Una forma di intrattenimento intriso di emozioni che dagli USA sbarca in Europa

Marc Smith, creatore della poesia Slam

Cosa accade se si cerca di mettere insieme la profondità della poesia con la spontaneità dell’intrattenimento da performer? La risposta possiamo trovarla in un genere di stand-up show chiamato Slam Poetry. Nata a Chicago, negli Stati Uniti, nel 1984, la Slam Poetry emerge dall’idea di Marc Smith, poeta ed operaio nei cantieri. L’intento di Smith era quello di svecchiare la poesia rendendola più vicina al pubblico e, a questo proposito, organizza in un jazz-club, il Get Me High Lounge, una serie di incontri di lettura ad alta voce facendo partecipare il pubblico sul palcoscenico.

L’idea prende piede velocemente, tanto che, nel 1986, Dave Jemilo, proprietario del Green Mill Cocktail Lounge, propone a Marc Smith di organizzare delle serate settimanali. Proprio come nel rap, la poesia slam acquista subito un carattere competitivo e, infatti, il 20 aprile 1986, nasce il primo Poetry Slam. Differentemente dalla simile Spoken word, la Slam è caratterizzata da una natura molto più spoglia, quasi zen. Nelle competizioni, infatti, non sono ammessi né accompagnamenti musicali, né  delle esibizioni di danza e nemmeno un abbigliamento particolare, concessi, invece, nella Spoken wordLe regole sono semplici: I giudici vengono scelti tra il pubblico; Esibizione a cappella; Tempo a disposizione per ogni esibizione: dai 3 ai 5 minuti; Libertà di espressione.

La bellezza di questa nuova forma espressiva si trova nel forte carattere emotivo dato ai testi e, sopratutto, esternato dall’esibizione del poeta performer.

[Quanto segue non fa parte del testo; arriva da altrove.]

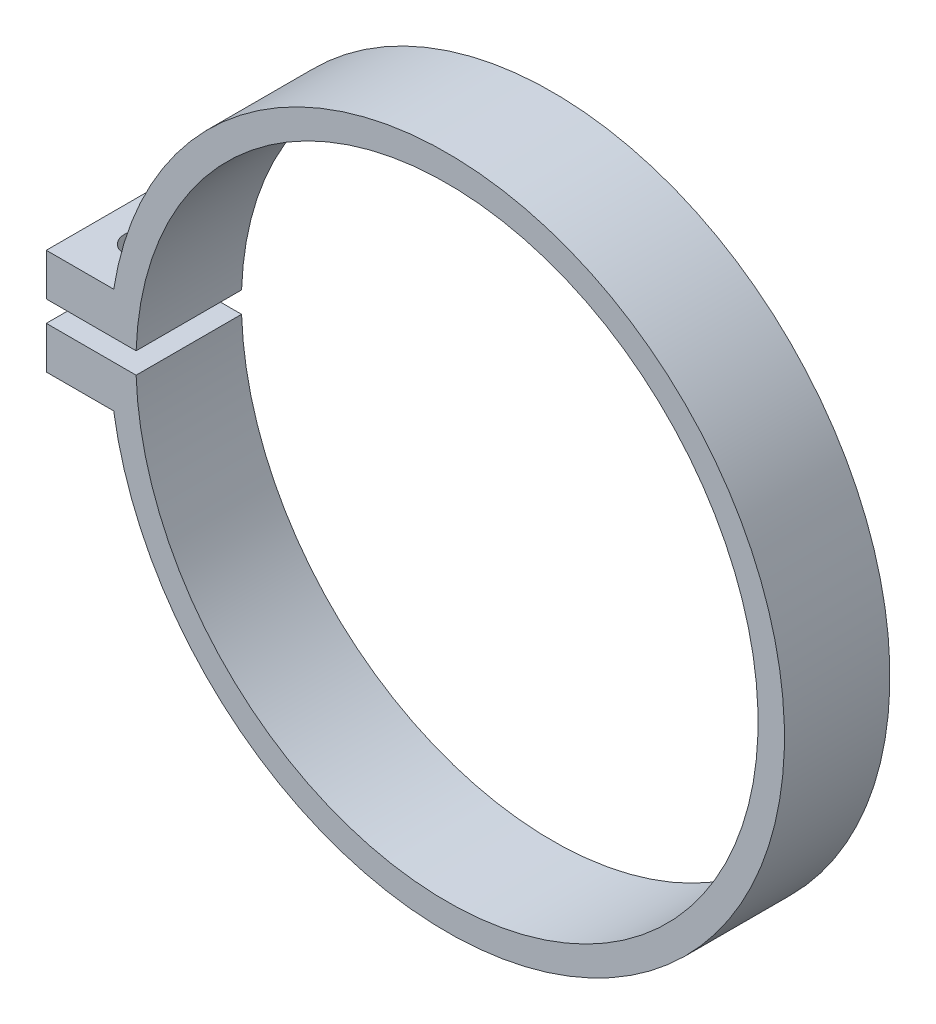
ISO-10303-21;
HEADER;
FILE_DESCRIPTION(('STEP AP214'),'2;1');
FILE_NAME('part.step','',(''),(''),'','','');
FILE_SCHEMA(('AUTOMOTIVE_DESIGN { 1 0 10303 214 1 1 1 1 }'));
ENDSEC;
DATA;
#1=APPLICATION_CONTEXT('core data for automotive mechanical design processes');
#2=APPLICATION_PROTOCOL_DEFINITION('international standard','automotive_design',2000,#1);
#3=PRODUCT_CONTEXT('',#1,'mechanical');
#4=PRODUCT('Part','Part','',(#3));
#5=PRODUCT_RELATED_PRODUCT_CATEGORY('part','',(#4));
#6=PRODUCT_DEFINITION_FORMATION('','',#4);
#7=PRODUCT_DEFINITION_CONTEXT('part definition',#1,'design');
#8=PRODUCT_DEFINITION('design','',#6,#7);
#9=PRODUCT_DEFINITION_SHAPE('','',#8);
#10=(LENGTH_UNIT() NAMED_UNIT(*) SI_UNIT(.MILLI.,.METRE.));
#11=(NAMED_UNIT(*) PLANE_ANGLE_UNIT() SI_UNIT($,.RADIAN.));
#12=(NAMED_UNIT(*) SI_UNIT($,.STERADIAN.) SOLID_ANGLE_UNIT());
#13=UNCERTAINTY_MEASURE_WITH_UNIT(LENGTH_MEASURE(1.E-05),#10,'distance_accuracy_value','');
#14=(GEOMETRIC_REPRESENTATION_CONTEXT(3) GLOBAL_UNCERTAINTY_ASSIGNED_CONTEXT((#13)) GLOBAL_UNIT_ASSIGNED_CONTEXT((#10,
#11,#12)) REPRESENTATION_CONTEXT('',''));
#15=CARTESIAN_POINT('',(0.,0.,0.));
#16=DIRECTION('',(0.,0.,1.));
#17=DIRECTION('',(1.,0.,0.));
#18=AXIS2_PLACEMENT_3D('',#15,#16,#17);
#19=CARTESIAN_POINT('',(0.,0.,5.));
#20=DIRECTION('',(0.,0.,1.));
#21=DIRECTION('',(1.,0.,0.));
#22=AXIS2_PLACEMENT_3D('',#19,#20,#21);
#23=PLANE('',#22);
#24=DIRECTION('',(0.,-1.,0.));
#25=VECTOR('',#24,1.);
#26=CARTESIAN_POINT('',(-38.,5.,5.));
#27=LINE('',#26,#25);
#28=CARTESIAN_POINT('',(-38.,5.,5.));
#29=VERTEX_POINT('',#28);
#30=CARTESIAN_POINT('',(-38.,0.999999999999997,5.));
#31=VERTEX_POINT('',#30);
#32=EDGE_CURVE('E139',#29,#31,#27,.T.);
#33=ORIENTED_EDGE('',*,*,#32,.T.);
#34=DIRECTION('',(1.,0.,0.));
#35=VECTOR('',#34,1.);
#36=CARTESIAN_POINT('',(-38.,0.999999999999997,5.));
#37=LINE('',#36,#35);
#38=CARTESIAN_POINT('',(-29.4830459756111,0.999999999999997,5.));
#39=VERTEX_POINT('',#38);
#40=EDGE_CURVE('E123',#31,#39,#37,.T.);
#41=ORIENTED_EDGE('',*,*,#40,.T.);
#42=CARTESIAN_POINT('',(0.,0.,5.));
#43=DIRECTION('',(0.,0.,1.));
#44=DIRECTION('',(1.,0.,0.));
#45=AXIS2_PLACEMENT_3D('',#42,#43,#44);
#46=CIRCLE('',#45,29.5);
#47=CARTESIAN_POINT('',(-29.4830459756111,-1.,5.));
#48=VERTEX_POINT('',#47);
#49=EDGE_CURVE('E131',#48,#39,#46,.T.);
#50=ORIENTED_EDGE('',*,*,#49,.F.);
#51=DIRECTION('',(1.,0.,0.));
#52=VECTOR('',#51,1.);
#53=CARTESIAN_POINT('',(-38.,-1.,5.));
#54=LINE('',#53,#52);
#55=CARTESIAN_POINT('',(-38.,-1.,5.));
#56=VERTEX_POINT('',#55);
#57=EDGE_CURVE('E140',#56,#48,#54,.T.);
#58=ORIENTED_EDGE('',*,*,#57,.F.);
#59=CARTESIAN_POINT('',(-38.,-5.,5.));
#60=VERTEX_POINT('',#59);
#61=EDGE_CURVE('E151',#56,#60,#27,.T.);
#62=ORIENTED_EDGE('',*,*,#61,.T.);
#63=DIRECTION('',(1.,0.,0.));
#64=VECTOR('',#63,1.);
#65=CARTESIAN_POINT('',(-38.,-5.,5.));
#66=LINE('',#65,#64);
#67=CARTESIAN_POINT('',(-31.6069612585582,-5.,5.));
#68=VERTEX_POINT('',#67);
#69=EDGE_CURVE('E154',#60,#68,#66,.T.);
#70=ORIENTED_EDGE('',*,*,#69,.T.);
#71=CARTESIAN_POINT('',(0.,0.,5.));
#72=DIRECTION('',(0.,0.,1.));
#73=DIRECTION('',(1.,0.,0.));
#74=AXIS2_PLACEMENT_3D('',#71,#72,#73);
#75=CIRCLE('',#74,32.);
#76=CARTESIAN_POINT('',(-31.6069612585582,5.,5.));
#77=VERTEX_POINT('',#76);
#78=EDGE_CURVE('E76',#68,#77,#75,.T.);
#79=ORIENTED_EDGE('',*,*,#78,.T.);
#80=DIRECTION('',(-1.,0.,0.));
#81=VECTOR('',#80,1.);
#82=CARTESIAN_POINT('',(-38.,5.,5.));
#83=LINE('',#82,#81);
#84=EDGE_CURVE('E149',#77,#29,#83,.T.);
#85=ORIENTED_EDGE('',*,*,#84,.T.);
#86=EDGE_LOOP('',(#33,#41,#50,#58,#62,#70,#79,#85));
#87=FACE_BOUND('',#86,.T.);
#88=ADVANCED_FACE('F52',(#87),#23,.T.);
#89=CARTESIAN_POINT('',(0.,0.,-5.));
#90=DIRECTION('',(0.,0.,1.));
#91=DIRECTION('',(1.,0.,0.));
#92=AXIS2_PLACEMENT_3D('',#89,#90,#91);
#93=PLANE('',#92);
#94=DIRECTION('',(1.,0.,0.));
#95=VECTOR('',#94,1.);
#96=CARTESIAN_POINT('',(0.,1.,-5.));
#97=LINE('',#96,#95);
#98=CARTESIAN_POINT('',(-38.,0.999999999999997,-5.));
#99=VERTEX_POINT('',#98);
#100=CARTESIAN_POINT('',(-29.4830459756111,0.999999999999997,-5.));
#101=VERTEX_POINT('',#100);
#102=EDGE_CURVE('E126',#99,#101,#97,.T.);
#103=ORIENTED_EDGE('',*,*,#102,.F.);
#104=DIRECTION('',(0.,-1.,0.));
#105=VECTOR('',#104,1.);
#106=CARTESIAN_POINT('',(-38.,5.,-5.));
#107=LINE('',#106,#105);
#108=CARTESIAN_POINT('',(-38.,5.,-5.));
#109=VERTEX_POINT('',#108);
#110=EDGE_CURVE('E160',#109,#99,#107,.T.);
#111=ORIENTED_EDGE('',*,*,#110,.F.);
#112=DIRECTION('',(-1.,0.,0.));
#113=VECTOR('',#112,1.);
#114=CARTESIAN_POINT('',(-38.,5.,-5.));
#115=LINE('',#114,#113);
#116=CARTESIAN_POINT('',(-31.6069612585582,5.,-5.));
#117=VERTEX_POINT('',#116);
#118=EDGE_CURVE('E148',#117,#109,#115,.T.);
#119=ORIENTED_EDGE('',*,*,#118,.F.);
#120=CARTESIAN_POINT('',(0.,0.,-5.));
#121=DIRECTION('',(0.,0.,1.));
#122=DIRECTION('',(1.,0.,0.));
#123=AXIS2_PLACEMENT_3D('',#120,#121,#122);
#124=CIRCLE('',#123,32.);
#125=CARTESIAN_POINT('',(-31.6069612585582,-5.,-5.));
#126=VERTEX_POINT('',#125);
#127=EDGE_CURVE('E175',#126,#117,#124,.T.);
#128=ORIENTED_EDGE('',*,*,#127,.F.);
#129=DIRECTION('',(1.,0.,0.));
#130=VECTOR('',#129,1.);
#131=CARTESIAN_POINT('',(-38.,-5.,-5.));
#132=LINE('',#131,#130);
#133=CARTESIAN_POINT('',(-38.,-5.,-5.));
#134=VERTEX_POINT('',#133);
#135=EDGE_CURVE('E152',#134,#126,#132,.T.);
#136=ORIENTED_EDGE('',*,*,#135,.F.);
#137=CARTESIAN_POINT('',(-38.,-1.,-5.));
#138=VERTEX_POINT('',#137);
#139=EDGE_CURVE('E159',#138,#134,#107,.T.);
#140=ORIENTED_EDGE('',*,*,#139,.F.);
#141=DIRECTION('',(1.,0.,0.));
#142=VECTOR('',#141,1.);
#143=CARTESIAN_POINT('',(0.,-1.,-5.));
#144=LINE('',#143,#142);
#145=CARTESIAN_POINT('',(-29.4830459756111,-1.,-5.));
#146=VERTEX_POINT('',#145);
#147=EDGE_CURVE('E68',#138,#146,#144,.T.);
#148=ORIENTED_EDGE('',*,*,#147,.T.);
#149=CARTESIAN_POINT('',(0.,0.,-5.));
#150=DIRECTION('',(0.,0.,1.));
#151=DIRECTION('',(1.,0.,0.));
#152=AXIS2_PLACEMENT_3D('',#149,#150,#151);
#153=CIRCLE('',#152,29.5);
#154=EDGE_CURVE('E12',#146,#101,#153,.T.);
#155=ORIENTED_EDGE('',*,*,#154,.T.);
#156=EDGE_LOOP('',(#103,#111,#119,#128,#136,#140,#148,#155));
#157=FACE_BOUND('',#156,.T.);
#158=ADVANCED_FACE('F183',(#157),#93,.F.);
#159=CARTESIAN_POINT('',(-38.,5.,5.));
#160=DIRECTION('',(1.,0.,0.));
#161=DIRECTION('',(0.,0.,-1.));
#162=AXIS2_PLACEMENT_3D('',#159,#160,#161);
#163=PLANE('',#162);
#164=DIRECTION('',(0.,0.,-1.));
#165=VECTOR('',#164,1.);
#166=CARTESIAN_POINT('',(-38.,0.999999999999997,5.));
#167=LINE('',#166,#165);
#168=EDGE_CURVE('E61',#31,#99,#167,.T.);
#169=ORIENTED_EDGE('',*,*,#168,.F.);
#170=ORIENTED_EDGE('',*,*,#32,.F.);
#171=DIRECTION('',(0.,0.,-1.));
#172=VECTOR('',#171,1.);
#173=CARTESIAN_POINT('',(-38.,5.,5.));
#174=LINE('',#173,#172);
#175=EDGE_CURVE('E167',#29,#109,#174,.T.);
#176=ORIENTED_EDGE('',*,*,#175,.T.);
#177=ORIENTED_EDGE('',*,*,#110,.T.);
#178=EDGE_LOOP('',(#169,#170,#176,#177));
#179=FACE_BOUND('',#178,.T.);
#180=ADVANCED_FACE('F185',(#179),#163,.F.);
#181=CARTESIAN_POINT('',(0.,0.,5.));
#182=DIRECTION('',(0.,0.,-1.));
#183=DIRECTION('',(-1.,0.,0.));
#184=AXIS2_PLACEMENT_3D('',#181,#182,#183);
#185=CYLINDRICAL_SURFACE('',#184,32.);
#186=DIRECTION('',(0.,0.,-1.));
#187=VECTOR('',#186,1.);
#188=CARTESIAN_POINT('',(-31.6069612585582,5.,5.));
#189=LINE('',#188,#187);
#190=EDGE_CURVE('E172',#77,#117,#189,.T.);
#191=ORIENTED_EDGE('',*,*,#190,.F.);
#192=ORIENTED_EDGE('',*,*,#78,.F.);
#193=DIRECTION('',(0.,0.,-1.));
#194=VECTOR('',#193,1.);
#195=CARTESIAN_POINT('',(-31.6069612585582,-5.,5.));
#196=LINE('',#195,#194);
#197=EDGE_CURVE('E170',#126,#68,#196,.F.);
#198=ORIENTED_EDGE('',*,*,#197,.F.);
#199=ORIENTED_EDGE('',*,*,#127,.T.);
#200=EDGE_LOOP('',(#191,#192,#198,#199));
#201=FACE_BOUND('',#200,.T.);
#202=ADVANCED_FACE('F54',(#201),#185,.T.);
#203=CARTESIAN_POINT('',(-38.,5.,5.));
#204=DIRECTION('',(0.,-1.,0.));
#205=DIRECTION('',(0.,0.,-1.));
#206=AXIS2_PLACEMENT_3D('',#203,#204,#205);
#207=PLANE('',#206);
#208=CARTESIAN_POINT('',(-34.,5.,0.));
#209=DIRECTION('',(0.,-1.,0.));
#210=DIRECTION('',(0.,0.,-1.));
#211=AXIS2_PLACEMENT_3D('',#208,#209,#210);
#212=CIRCLE('',#211,1.60000000000001);
#213=CARTESIAN_POINT('',(-34.,5.,-1.60000000000001));
#214=VERTEX_POINT('',#213);
#215=EDGE_CURVE('E142',#214,#214,#212,.T.);
#216=ORIENTED_EDGE('',*,*,#215,.T.);
#217=EDGE_LOOP('',(#216));
#218=FACE_BOUND('',#217,.T.);
#219=ORIENTED_EDGE('',*,*,#84,.F.);
#220=ORIENTED_EDGE('',*,*,#190,.T.);
#221=ORIENTED_EDGE('',*,*,#118,.T.);
#222=ORIENTED_EDGE('',*,*,#175,.F.);
#223=EDGE_LOOP('',(#219,#220,#221,#222));
#224=FACE_BOUND('',#223,.T.);
#225=ADVANCED_FACE('F189',(#218,#224),#207,.F.);
#226=CARTESIAN_POINT('',(-38.,-5.,5.));
#227=DIRECTION('',(0.,1.,0.));
#228=DIRECTION('',(-1.,0.,0.));
#229=AXIS2_PLACEMENT_3D('',#226,#227,#228);
#230=PLANE('',#229);
#231=CARTESIAN_POINT('',(-34.,-5.,0.));
#232=DIRECTION('',(0.,1.,0.));
#233=DIRECTION('',(-1.,0.,0.));
#234=AXIS2_PLACEMENT_3D('',#231,#232,#233);
#235=CIRCLE('',#234,1.60000000000001);
#236=CARTESIAN_POINT('',(-35.6,-5.,0.));
#237=VERTEX_POINT('',#236);
#238=EDGE_CURVE('E231',#237,#237,#235,.F.);
#239=ORIENTED_EDGE('',*,*,#238,.F.);
#240=EDGE_LOOP('',(#239));
#241=FACE_BOUND('',#240,.T.);
#242=ORIENTED_EDGE('',*,*,#135,.T.);
#243=ORIENTED_EDGE('',*,*,#197,.T.);
#244=ORIENTED_EDGE('',*,*,#69,.F.);
#245=DIRECTION('',(0.,0.,-1.));
#246=VECTOR('',#245,1.);
#247=CARTESIAN_POINT('',(-38.,-5.,5.));
#248=LINE('',#247,#246);
#249=EDGE_CURVE('E157',#60,#134,#248,.T.);
#250=ORIENTED_EDGE('',*,*,#249,.T.);
#251=EDGE_LOOP('',(#242,#243,#244,#250));
#252=FACE_BOUND('',#251,.T.);
#253=ADVANCED_FACE('F194',(#241,#252),#230,.F.);
#254=ORIENTED_EDGE('',*,*,#61,.F.);
#255=DIRECTION('',(0.,0.,-1.));
#256=VECTOR('',#255,1.);
#257=CARTESIAN_POINT('',(-38.,-1.,5.));
#258=LINE('',#257,#256);
#259=EDGE_CURVE('E177',#56,#138,#258,.T.);
#260=ORIENTED_EDGE('',*,*,#259,.T.);
#261=ORIENTED_EDGE('',*,*,#139,.T.);
#262=ORIENTED_EDGE('',*,*,#249,.F.);
#263=EDGE_LOOP('',(#254,#260,#261,#262));
#264=FACE_BOUND('',#263,.T.);
#265=ADVANCED_FACE('F198',(#264),#163,.F.);
#266=CARTESIAN_POINT('',(0.,0.,-21.5));
#267=DIRECTION('',(0.,0.,1.));
#268=DIRECTION('',(1.,0.,0.));
#269=AXIS2_PLACEMENT_3D('',#266,#267,#268);
#270=CYLINDRICAL_SURFACE('',#269,29.5);
#271=DIRECTION('',(0.,0.,1.));
#272=VECTOR('',#271,1.);
#273=CARTESIAN_POINT('',(-29.4830459756111,-1.,-21.5));
#274=LINE('',#273,#272);
#275=EDGE_CURVE('E128',#146,#48,#274,.T.);
#276=ORIENTED_EDGE('',*,*,#275,.T.);
#277=ORIENTED_EDGE('',*,*,#49,.T.);
#278=DIRECTION('',(0.,0.,1.));
#279=VECTOR('',#278,1.);
#280=CARTESIAN_POINT('',(-29.4830459756111,0.999999999999997,-21.5));
#281=LINE('',#280,#279);
#282=EDGE_CURVE('E119',#101,#39,#281,.T.);
#283=ORIENTED_EDGE('',*,*,#282,.F.);
#284=ORIENTED_EDGE('',*,*,#154,.F.);
#285=EDGE_LOOP('',(#276,#277,#283,#284));
#286=FACE_BOUND('',#285,.T.);
#287=ADVANCED_FACE('F132',(#286),#270,.F.);
#288=CARTESIAN_POINT('',(-38.,0.999999999999997,-21.5));
#289=DIRECTION('',(0.,-1.,0.));
#290=DIRECTION('',(1.,0.,0.));
#291=AXIS2_PLACEMENT_3D('',#288,#289,#290);
#292=PLANE('',#291);
#293=CARTESIAN_POINT('',(-34.,0.999999999999997,0.));
#294=DIRECTION('',(0.,-1.,0.));
#295=DIRECTION('',(1.,0.,0.));
#296=AXIS2_PLACEMENT_3D('',#293,#294,#295);
#297=CIRCLE('',#296,1.60000000000001);
#298=CARTESIAN_POINT('',(-32.4,0.999999999999998,0.));
#299=VERTEX_POINT('',#298);
#300=EDGE_CURVE('E233',#299,#299,#297,.T.);
#301=ORIENTED_EDGE('',*,*,#300,.F.);
#302=EDGE_LOOP('',(#301));
#303=FACE_BOUND('',#302,.T.);
#304=ORIENTED_EDGE('',*,*,#102,.T.);
#305=ORIENTED_EDGE('',*,*,#282,.T.);
#306=ORIENTED_EDGE('',*,*,#40,.F.);
#307=ORIENTED_EDGE('',*,*,#168,.T.);
#308=EDGE_LOOP('',(#304,#305,#306,#307));
#309=FACE_BOUND('',#308,.T.);
#310=ADVANCED_FACE('F121',(#303,#309),#292,.T.);
#311=CARTESIAN_POINT('',(-38.,-1.,-21.5));
#312=DIRECTION('',(0.,-1.,0.));
#313=DIRECTION('',(1.,0.,0.));
#314=AXIS2_PLACEMENT_3D('',#311,#312,#313);
#315=PLANE('',#314);
#316=CARTESIAN_POINT('',(-34.,-1.,0.));
#317=DIRECTION('',(0.,-1.,0.));
#318=DIRECTION('',(1.,0.,0.));
#319=AXIS2_PLACEMENT_3D('',#316,#317,#318);
#320=CIRCLE('',#319,1.60000000000001);
#321=CARTESIAN_POINT('',(-32.4,-1.,0.));
#322=VERTEX_POINT('',#321);
#323=EDGE_CURVE('E56',#322,#322,#320,.T.);
#324=ORIENTED_EDGE('',*,*,#323,.T.);
#325=EDGE_LOOP('',(#324));
#326=FACE_BOUND('',#325,.T.);
#327=ORIENTED_EDGE('',*,*,#259,.F.);
#328=ORIENTED_EDGE('',*,*,#57,.T.);
#329=ORIENTED_EDGE('',*,*,#275,.F.);
#330=ORIENTED_EDGE('',*,*,#147,.F.);
#331=EDGE_LOOP('',(#327,#328,#329,#330));
#332=FACE_BOUND('',#331,.T.);
#333=ADVANCED_FACE('F199',(#326,#332),#315,.F.);
#334=CARTESIAN_POINT('',(-34.,-9.52548339959392,0.));
#335=DIRECTION('',(0.,1.,0.));
#336=DIRECTION('',(-1.,0.,0.));
#337=AXIS2_PLACEMENT_3D('',#334,#335,#336);
#338=CYLINDRICAL_SURFACE('',#337,1.60000000000001);
#339=ORIENTED_EDGE('',*,*,#238,.T.);
#340=EDGE_LOOP('',(#339));
#341=FACE_BOUND('',#340,.T.);
#342=ORIENTED_EDGE('',*,*,#323,.F.);
#343=EDGE_LOOP('',(#342));
#344=FACE_BOUND('',#343,.T.);
#345=ADVANCED_FACE('F201',(#341,#344),#338,.F.);
#346=ORIENTED_EDGE('',*,*,#300,.T.);
#347=EDGE_LOOP('',(#346));
#348=FACE_BOUND('',#347,.T.);
#349=ORIENTED_EDGE('',*,*,#215,.F.);
#350=EDGE_LOOP('',(#349));
#351=FACE_BOUND('',#350,.T.);
#352=ADVANCED_FACE('F208',(#348,#351),#338,.F.);
#353=CLOSED_SHELL('',(#88,#158,#180,#202,#225,#253,#265,#287,#310,#333,#345,#352));
#354=MANIFOLD_SOLID_BREP('B2',#353);
#355=ADVANCED_BREP_SHAPE_REPRESENTATION('',(#18,#354),#14);
#356=SHAPE_DEFINITION_REPRESENTATION(#9,#355);
ENDSEC;
END-ISO-10303-21;

L’emotività trasudata dai testi porta il pubblico ad un forte contatto empatico con il testo stesso e con il performer che lo recita.

Fortunatamente la Slam non è rimasta ancorata agli Stati Uniti, anzi, le competizioni nazionali sono approdate anche in Europa. Nel 2017, infatti, in Francia si svolge l’undicesima edizione della Coupe du Monde de Slam. La Francia comunque, non è la sola a vantare un’associazione per l’espansione nazionale della Slam Poetry. Anche l’Italia, infatti, dal 30 novembre del 2013, è patria della Lega Italiana Poetry Slam (LIPS) il cui presidente onorario è Lello Voce, che portò per la prima volta la Slam a Roma nel 2001.

Tutt’ora, però, nonostante siano passati più di trent’anni dalla sua nascita e quasi cinque dalla fondazione del LIPS, il modo con cui la Slam ha trovato l’apice del suo grido espansionistico è stato YouTube. Senza la continua pubblicazione e condivisione di contenuti da YouTube e dai Social, forse, come ancora avviene in molte parti d’Italia soprattutto, la voce della Slam Poetry sarebbe stato solo un flebile eco nel mercato della moderna informazione.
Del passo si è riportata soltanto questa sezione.